(Extracted records)

»»

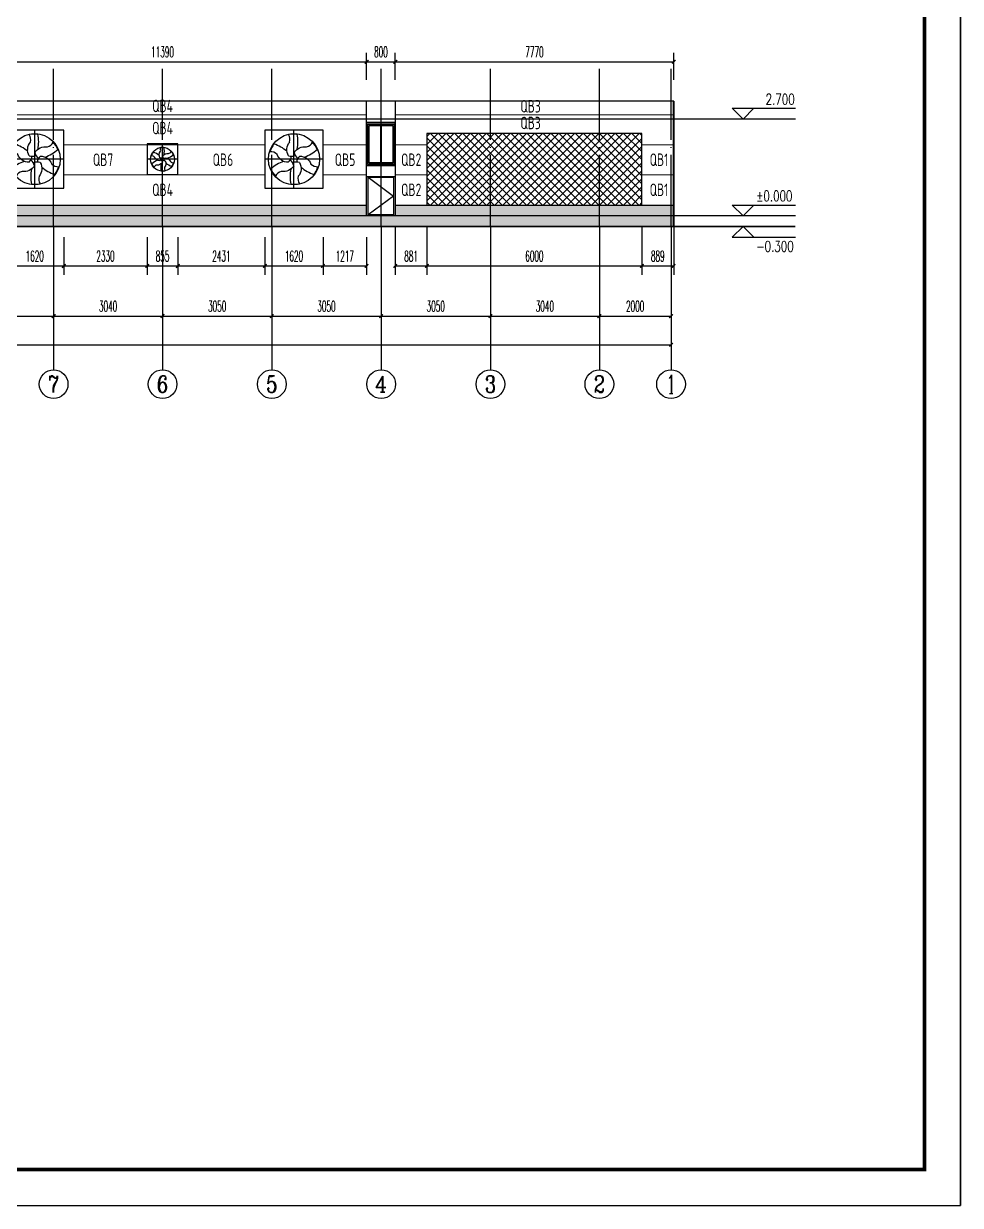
# Model space of a CAD drawing. Extents: x -472275 to 124489, y 67522 to 154054.
# Drawn here: x -351316 to -325175, y 68631 to 101622 of the extents above; entities that cross this region are included whole.
import ezdxf
from ezdxf.enums import TextEntityAlignment as Align

# ---------------------------------------------------------------- set-up
doc = ezdxf.new("R2010")
doc.units = 0
doc.header["$LTSCALE"] = 1000
doc.header["$MEASUREMENT"] = 0
doc.linetypes.add('DOTE', pattern=[2.42, 2, -0.2, 0.02, -0.2])
doc.linetypes.add('STRICHPUNKT', pattern=[25.4, 12.7, -6.35, 0, -6.35])
doc.layers.add('0_WALL PANEL', color=3, linetype='Continuous', lineweight=20)
for name, color, linetype in [('AXIS', 3, 'Continuous'), ('AXIS_TEXT', 7, 'Continuous'), ('DOTE', 1, 'DOTE'), ('EM50', 253, 'Continuous'), ('MITTELLINIE', 3, 'STRICHPUNKT'), ('PUB_DIM', 3, 'Continuous'), ('PUB_TEXT', 7, 'Continuous'), ('PUB_TITLE', 4, 'Continuous'), ('WALL', 7, 'Continuous'), ('删图签', 4, 'Continuous'), ('建-标高', 3, 'Continuous'), ('建-立-门窗', 4, 'Continuous'), ('建-轴-标注', 3, 'Continuous')]:
    doc.layers.add(name, color=color, linetype=linetype)
doc.styles.add('_TCH_AXIS', font='COMPLEX', dxfattribs={"bigfont": 'GBCBIG'})
doc.styles.add('_TCH_DIM_T3', font='SIMPLEX.shx', dxfattribs={"width": 0.5, "bigfont": 'GBCBIG.shx'})
doc.styles.add('A-STANDARD', font='SIMPLEX', dxfattribs={"bigfont": 'GBCBIG'})
doc.styles.add('COMPLEX', font='COMPLEX')
doc.styles.add('TCCAD_Dimension', font='Tssdeng.shx', dxfattribs={"width": 0.7, "bigfont": 'hztxt.shx'})
doc.dimstyles.new('_TCH_ARCH&&100', dxfattribs={"dimtxt": 297.5, "dimasz": 100, "dimexe": 250, "dimexo": 300, "dimgap": 126.25, "dimtad": 1, "dimdec": 0, "dimzin": 0, "dimdsep": 46, "dimtxsty": '_TCH_DIM_T3', "dimblk": 'ARCHTICK', "dimcen": 0.09, "dimclrt": 7, "dimazin": 2, "dimtfac": 1, "dimtdec": 0, "dimtix": 1, "dimtmove": 2, "dimatfit": 3, "dimfxl": 1, "dimtolj": 1, "dimtzin": 0, "dimarcsym": 0})

# ---------------------------------------------------------------- blocks, each defined once
blk = doc.blocks.new('ELEVOPENINGLIB$SYSLIB$00000313')
for p, q in [((900, 2400), (0, 2400)), ((0, 2400), (0, 2000)), ((51.725, 2349.895), (51.725, 50.105)), ((848.275, 2349.895), (51.725, 2349.895)), ((848.275, 50.105), (848.275, 2349.895)), ((900, 2000), (900, 2400)), ((0, 2000), (0, 0)), ((900, 0), (900, 2000)), ((0, 0), (900, 0)), ((51.725, 50.105), (848.275, 50.105))]:
    blk.add_line(p, q)
at = {"color": 4}
for p, q in [((848.275, 2349.895), (51.725, 1200)), ((51.725, 1200), (848.275, 50.105))]:
    blk.add_line(p, q, dxfattribs=at)
blk = doc.blocks.new('ELEVOPENINGLIB$SYSLIB$00000163')
for p, q in [((0, 1500), (0, 0)), ((1200, 1500), (0, 1500)), ((50, 1450), (50, 50)), ((1150, 1450), (50, 1450)), ((100, 1400), (100, 100)), ((575, 1400), (100, 1400)), ((575, 100), (575, 1400)), ((625, 1400), (625, 100)), ((1100, 1400), (625, 1400)), ((1100, 100), (1100, 1400)), ((1150, 50), (1150, 1450)), ((1200, 0), (1200, 1500)), ((0, 0), (1200, 0)), ((50, 50), (1150, 50)), ((100, 100), (575, 100)), ((625, 100), (1100, 100))]:
    blk.add_line(p, q)
blk = doc.blocks.new('56风机')
at = {"color": 4}
blk.add_lwpolyline([(145037, 325361), (146657, 325361), (146657, 323741), (145037, 323741)], close=True, dxfattribs=at)
at = {"layer": 'EM50', "extrusion": (0, 0, -1)}
blk.add_circle((-145847, 324551), 713, dxfattribs=at)
for centre, radius, start, end in [((-145847, 324551), 702, 22.8151, 42.6914), ((-145552, 325132), 245, 283.8915, 334.7446), ((-146785, 325028), 1049, 349.1582, 12.0925), ((-145847, 324551), 702, 82.8151, 102.6914), ((-146203, 325097), 245, 343.8915, 34.7446), ((-146729, 323977), 1049, 49.1585, 72.0925), ((-145847, 324551), 702, 142.8151, 162.6914), ((-145903, 325602), 1049, 289.1581, 312.0924), ((-145466, 324406), 320, 133.8536, 168.6939), ((-145531, 324809), 320, 193.8536, 228.6944), ((-145912, 324953), 320, 253.8536, 288.6936), ((-146228, 324696), 320, 313.8536, 348.6934), ((-146497, 324516), 245, 43.8915, 94.7446), ((-145197, 324586), 245, 223.8915, 274.7446), ((-145847, 324551), 702, 322.8151, 342.6914), ((-144965, 325125), 1049, 229.1581, 252.0925), ((-145782, 324149), 320, 73.8536, 108.6934), ((-146163, 324293), 320, 13.8536, 48.6929), ((-145791, 323500), 1049, 109.1583, 132.0925), ((-145491, 324005), 245, 163.8915, 214.7446), ((-144909, 324074), 1049, 169.1584, 192.0925), ((-146142, 323970), 245, 103.8915, 154.7446), ((-145847, 324551), 702, 202.8151, 222.6914), ((-145847, 324551), 702, 262.8151, 282.6914)]:
    blk.add_arc(centre, radius, start, end, dxfattribs=at)
at = {"layer": 'EM50'}
for centre, start, end in [((145709, 324813), 330.2202, 39.9265), ((145689, 324301), 90.22, 159.9263), ((145552, 324563), 30.2202, 99.9265), ((146005, 324801), 270.2199, 339.9262), ((145985, 324289), 150.2202, 219.9265), ((146142, 324539), 210.2202, 279.9265)]:
    blk.add_arc(centre, 336, start, end, dxfattribs=at)
at = {"layer": 'MITTELLINIE'}
for p, q in [((145847, 323741), (145847, 325361)), ((145037, 324551), (146657, 324551))]:
    blk.add_line(p, q, dxfattribs=at)
blk = doc.blocks.new('26寸风机')
at = {"color": 4}
blk.add_lwpolyline([(150554, 326941), (151409, 326941), (151409, 326086), (150554, 326086)], close=True, dxfattribs=at)
at = {"layer": 'EM50', "extrusion": (0, 0, -1)}
blk.add_circle((-150982, 326513), 333, dxfattribs=at)
for centre, radius, start, end in [((-150982, 326513), 328, 22.8151, 42.6914), ((-151008, 327004), 489, 289.1581, 312.0924), ((-150844, 326784), 114, 283.8915, 334.7446), ((-151419, 326736), 489, 349.1582, 12.0925), ((-150982, 326513), 328, 82.8151, 102.6914), ((-151147, 326768), 114, 343.8915, 34.7446), ((-151393, 326246), 489, 49.1585, 72.0925), ((-151285, 326497), 114, 43.8915, 94.7446), ((-150982, 326513), 328, 142.8151, 162.6914), ((-150678, 326530), 114, 223.8915, 274.7446), ((-150982, 326513), 328, 322.8151, 342.6914), ((-150570, 326781), 489, 229.1581, 252.0925), ((-150804, 326446), 149, 133.8536, 168.6939), ((-150951, 326326), 149, 73.8536, 108.6934), ((-150816, 326259), 114, 163.8915, 214.7446), ((-150834, 326634), 149, 193.8536, 228.6944), ((-151012, 326701), 149, 253.8536, 288.6936), ((-151129, 326393), 149, 13.8536, 48.6929), ((-151159, 326581), 149, 313.8536, 348.6934), ((-150544, 326291), 489, 169.1584, 192.0925), ((-150955, 326023), 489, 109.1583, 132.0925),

««

_What this task involves_
State, as a number only, how many lines in the entries include "True".

_Result for this task_
2